= Lala (Chinese slang) =

Slang term for "lesbian"

Lala (拉拉 (lālā)) is a non-derogatory Chinese slang term for lesbian, or a same-sex desiring woman. It is used primarily by the LGBT+ community in mainland China. Beginning in the late twentieth and early twenty-first centuries, lala communities started to form in urban areas of China, such as Beijing and Shanghai, using bars and online chatrooms to connect.

In 2005, a group of young self-identifying lalas in Beijing founded les+ Magazine, China's first and only queer women's magazine. Despite legal restrictions in China over LGBT issues, les+ has found subscribers in all 23 Provinces of China as well as several countries abroad. The slogan printed on the magazine's first issue read: "After the darkness fades away, I’ll be holding your hand, walking under the sunlight with pride, boldly and happily living our lives!"

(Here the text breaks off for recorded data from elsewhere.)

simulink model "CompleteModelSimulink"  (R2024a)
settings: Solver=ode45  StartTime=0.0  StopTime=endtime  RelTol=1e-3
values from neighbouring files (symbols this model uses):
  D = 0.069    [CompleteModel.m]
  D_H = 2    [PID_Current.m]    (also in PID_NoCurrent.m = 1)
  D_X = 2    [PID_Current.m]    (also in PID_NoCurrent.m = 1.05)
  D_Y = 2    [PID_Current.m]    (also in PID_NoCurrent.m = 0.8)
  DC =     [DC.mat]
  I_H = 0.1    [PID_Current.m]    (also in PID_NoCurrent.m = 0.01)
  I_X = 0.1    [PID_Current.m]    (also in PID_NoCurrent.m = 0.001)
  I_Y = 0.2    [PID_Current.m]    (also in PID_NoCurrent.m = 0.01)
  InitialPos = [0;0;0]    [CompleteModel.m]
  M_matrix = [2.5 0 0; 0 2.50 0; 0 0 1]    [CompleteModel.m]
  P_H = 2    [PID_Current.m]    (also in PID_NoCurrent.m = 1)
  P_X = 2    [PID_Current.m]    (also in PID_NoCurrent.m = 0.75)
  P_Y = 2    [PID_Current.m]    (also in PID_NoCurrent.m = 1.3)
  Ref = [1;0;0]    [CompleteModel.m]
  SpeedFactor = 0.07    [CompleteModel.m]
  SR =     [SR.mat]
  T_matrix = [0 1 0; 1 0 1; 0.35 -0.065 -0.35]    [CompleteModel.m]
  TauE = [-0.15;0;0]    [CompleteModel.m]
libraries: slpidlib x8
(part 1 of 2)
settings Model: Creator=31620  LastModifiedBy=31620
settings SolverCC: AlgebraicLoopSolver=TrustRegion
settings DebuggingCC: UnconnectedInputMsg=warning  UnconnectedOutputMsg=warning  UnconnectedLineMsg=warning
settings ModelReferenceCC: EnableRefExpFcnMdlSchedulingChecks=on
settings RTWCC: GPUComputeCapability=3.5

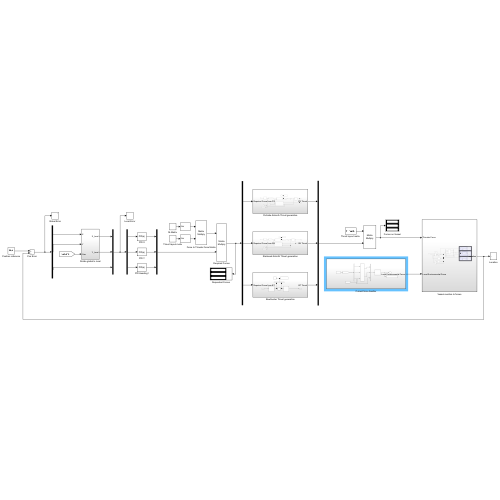
[thumbnail: Simulink's stored preview of the top-level diagram]
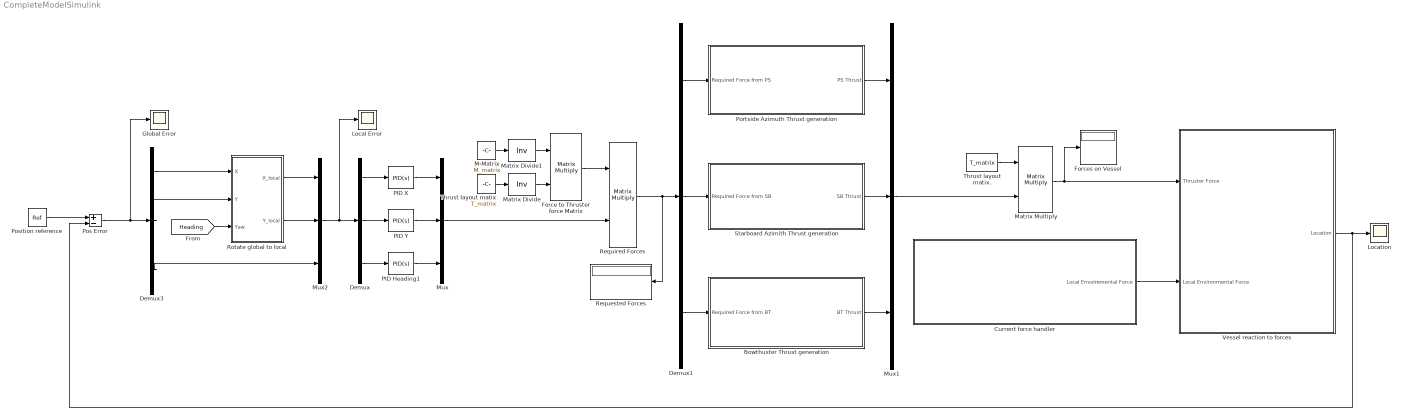
== system CompleteModelSimulink ==
  Bowthuster Thrust generation : Subsystem
  Current force handler : Subsystem
  Demux : Demux  Outputs=3
  Demux1 : Demux  Outputs=3
  Demux3 : Demux  Outputs=3
  Force to Thruster force Matrix : Product  Multiplication=Matrix(*)
  Forces on Vessel : Display
  Global Error : Scope
  Local Error : Scope
  Location : Scope
  M-Matrix : Constant  Value=M_matrix
  Matrix Divide : Product  Inputs=/  Multiplication=Matrix(*)
  Matrix Divide1 : Product  Inputs=/  Multiplication=Matrix(*)
  Matrix Multiply : Product  Multiplication=Matrix(*)
  Mux : Mux  Inputs=3
  Mux1 : Mux  Inputs=3
  Mux2 : Mux  Inputs=3
  PID Heading1 : slpidlib/PID Controller  Controller=PID  Form=Parallel  TimeDomain=Continuous-time  UseExternalTs=off  SampleTime=-1  IntegratorMethod=Forward Euler  FilterMethod=Forward Euler  ControllerParametersSource=internal  P=P_H  I=I_H  UseKiTs=off  D=D_H  UseExternalDerivativeSource=off  N=10000  UseFilter=on  TunerSelectOption=Transfer Function Based (PID Tuner App)  InitialConditionSource=internal  InitialConditionForIntegrator=0  InitialConditionForFilter=0  DifferentiatorICPrevScaledInput=0  ExternalReset=none  TrackingMode=off  Kt=1  LimitOutput=off  SatLimitsSource=internal  UpperSaturationLimit=inf  LowerSaturationLimit=-inf  LinearizeAsGain=on  AntiWindupMode=none  Kb=1  LimitIntegrator=off  UpperIntegratorSaturationLimit=inf  LowerIntegratorSaturationLimit=-inf  POutMin=[]  POutMax=[]  IOutMin=[]  IOutMax=[]  DOutMin=[]  DOutMax=[]  NOutMin=[]  NOutMax=[]  SumOutMin=[]  SumOutMax=[]  SaturationOutMin=[]  SaturationOutMax=[]  PParamMin=[]  PParamMax=[]  IParamMin=[]  IParamMax=[]  DParamMin=[]  DParamMax=[]  NParamMin=[]  NParamMax=[]  KbParamMin=[]  KbParamMax=[]  KtParamMin=[]  KtParamMax=[]  KbOutMin=[]  KbOutMax=[]  KtOutMin=[]  KtOutMax=[]  IntegratorOutMin=[]  IntegratorOutMax=[]  FilterOutMin=[]  FilterOutMax=[]  SumI1OutMin=[]  SumI1OutMax=[]  SumI2OutMin=[]  SumI2OutMax=[]  SumI3OutMin=[]  SumI3OutMax=[]  SumI4OutMin=[]  SumI4OutMax=[]  SumDOutMin=[]  SumDOutMax=[]  DifferentiatorOutMin=[]  DifferentiatorOutMax=[]  FilterDiffOutCoefMin=[]  FilterDiffOutCoefMax=[]  ReciprocalOutMin=[]  ReciprocalOutMax=[]  SumDenOutMin=[]  SumDenOutMax=[]  SumNumOutMin=[]  SumNumOutMax=[]  DivideOutMin=[]  DivideOutMax=[]  UdiffTsProdOutMin=[]  UdiffTsProdOutMax=[]  NTsProdOutMin=[]  NTsProdOutMax=[]  UintegralTsProdOutMin=[]  UintegralTsProdOutMax=[]  UngainTsProdOutMin=[]  UngainTsProdOutMax=[]  ClampingZeroOutDataTypeStr=Inherit: Inherit via back propagation  ClampingZeroOutMin=[]  ClampingZeroOutMax=[]  FilterDenConstantOutDataTypeStr=Inherit: Inherit via back propagation  FilterDenConstantOutMin=[]  FilterDenConstantOutMax=[]  PCopyOutDataTypeStr=Inherit: Inherit via back propagation  PCopyOutMin=[]  PCopyOutMax=[]  NCopyOutDataTypeStr=Inherit: Inherit via back propagation  NCopyOutMin=[]  NCopyOutMax=[]  IntegratorContinuousStateAttributes=''  IntegratorStateMustResolveToSignalObject=off  IntegratorRTWStateStorageClass=Auto  FilterContinuousStateAttributes=''  FilterStateMustResolveToSignalObject=off  FilterRTWStateStorageClass=Auto  ParallelPVariant=InternalParameters  IdealPVariant=Disabled  IVariant=InternalParameters  DVariant=InternalParameters  IntegratorVariant=Continuous  SatVariant=Disabled  AWVariant=Passthrough  PCopyVariant=Disabled  TRVariant=Disabled  FdbkBlocksVariant=Forward  IdealPFdbkVariant=Disabled  SatFdbkVariant=Disabled  DerivativeFilterVariant=ContFilter  NVariant=InternalParameters  NCopyVariant=Disabled  FilterICVariant=InternalICsFilter  IntegratorICVariant=InternalICs  ExternalResetVariant=Disabled  TRSumVariant=Passthrough  SumFdbkVariant=Disabled  SumVariant=Sum_PID  TsampFilterVariant=InternalTs  TsampNgainVariant=Passthrough  TsampIntegralVariant=Disabled_SignalSpec  ExternalSaturationOutDataTypeStr=Inherit: Same as second input  DerivativeSourceVariant=ErrorSignal
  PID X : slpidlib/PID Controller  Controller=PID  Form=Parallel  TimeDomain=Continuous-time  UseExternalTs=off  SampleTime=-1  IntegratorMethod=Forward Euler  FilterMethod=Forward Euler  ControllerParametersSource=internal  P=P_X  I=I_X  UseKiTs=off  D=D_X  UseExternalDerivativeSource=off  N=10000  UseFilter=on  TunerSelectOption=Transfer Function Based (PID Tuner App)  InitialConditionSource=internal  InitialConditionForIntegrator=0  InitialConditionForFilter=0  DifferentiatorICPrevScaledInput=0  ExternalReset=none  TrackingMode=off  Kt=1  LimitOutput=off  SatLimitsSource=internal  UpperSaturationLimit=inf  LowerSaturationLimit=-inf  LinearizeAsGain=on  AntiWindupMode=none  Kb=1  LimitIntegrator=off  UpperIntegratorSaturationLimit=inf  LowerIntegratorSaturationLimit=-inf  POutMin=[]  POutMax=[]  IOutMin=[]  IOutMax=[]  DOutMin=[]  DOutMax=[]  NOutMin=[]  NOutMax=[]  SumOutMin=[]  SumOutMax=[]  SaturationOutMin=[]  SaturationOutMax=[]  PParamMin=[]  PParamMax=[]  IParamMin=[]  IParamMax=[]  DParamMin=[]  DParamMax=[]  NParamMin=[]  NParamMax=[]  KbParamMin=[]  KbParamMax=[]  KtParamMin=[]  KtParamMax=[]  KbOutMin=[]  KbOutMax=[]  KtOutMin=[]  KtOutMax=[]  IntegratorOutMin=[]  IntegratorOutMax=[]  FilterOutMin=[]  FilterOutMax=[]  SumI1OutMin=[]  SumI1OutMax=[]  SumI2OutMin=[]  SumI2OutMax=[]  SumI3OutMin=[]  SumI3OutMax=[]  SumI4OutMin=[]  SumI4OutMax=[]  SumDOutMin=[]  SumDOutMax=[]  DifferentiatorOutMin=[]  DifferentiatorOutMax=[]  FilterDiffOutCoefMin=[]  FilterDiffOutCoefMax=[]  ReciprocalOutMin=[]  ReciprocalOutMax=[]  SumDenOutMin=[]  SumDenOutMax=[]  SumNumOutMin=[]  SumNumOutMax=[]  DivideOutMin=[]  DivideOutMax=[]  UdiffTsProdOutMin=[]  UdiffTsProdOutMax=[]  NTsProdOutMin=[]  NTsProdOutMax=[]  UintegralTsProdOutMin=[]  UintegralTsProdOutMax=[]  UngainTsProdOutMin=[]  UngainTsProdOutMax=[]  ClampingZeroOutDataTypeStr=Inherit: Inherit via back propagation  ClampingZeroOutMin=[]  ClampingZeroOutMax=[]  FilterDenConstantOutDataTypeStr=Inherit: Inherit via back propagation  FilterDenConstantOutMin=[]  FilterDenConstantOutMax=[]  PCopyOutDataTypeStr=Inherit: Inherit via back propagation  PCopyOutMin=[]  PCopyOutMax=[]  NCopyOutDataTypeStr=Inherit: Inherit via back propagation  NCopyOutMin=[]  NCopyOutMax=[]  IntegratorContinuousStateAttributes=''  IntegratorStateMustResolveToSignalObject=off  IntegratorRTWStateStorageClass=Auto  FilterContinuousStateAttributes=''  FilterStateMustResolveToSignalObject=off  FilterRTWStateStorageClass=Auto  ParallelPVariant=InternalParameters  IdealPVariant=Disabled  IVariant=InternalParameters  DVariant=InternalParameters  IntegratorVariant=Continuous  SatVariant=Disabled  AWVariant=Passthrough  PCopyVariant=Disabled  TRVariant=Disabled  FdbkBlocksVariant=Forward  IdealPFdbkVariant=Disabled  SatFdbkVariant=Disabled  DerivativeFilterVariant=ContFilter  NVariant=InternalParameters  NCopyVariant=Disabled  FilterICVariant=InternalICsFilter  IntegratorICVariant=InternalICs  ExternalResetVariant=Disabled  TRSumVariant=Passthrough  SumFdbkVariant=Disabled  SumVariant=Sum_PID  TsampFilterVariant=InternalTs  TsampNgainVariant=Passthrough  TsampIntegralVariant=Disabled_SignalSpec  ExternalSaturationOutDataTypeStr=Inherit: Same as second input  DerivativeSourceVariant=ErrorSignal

In 2012, Lucetta Kam Yip-lo, an assistant professor at Hong Kong Baptist University (HKBU), published the book Shanghai Lalas: Female Tongzhi Communities and Politics in Urban China. Kam's monograph features interviews with 25 Chinese lalas, female bisexuals, and trans women living in Shanghai, most of whom were women in their twenties from urban areas.

== Origins ==
The term lazi first entered the mainland Chinese lexicon through Taiwanese writer Qiu Miaojin's novel Notes of a Crocodile (1994), which features a central character named Lazi. Chinese individuals identifying as lesbian have since favoured the term lala to describe their sexual orientation.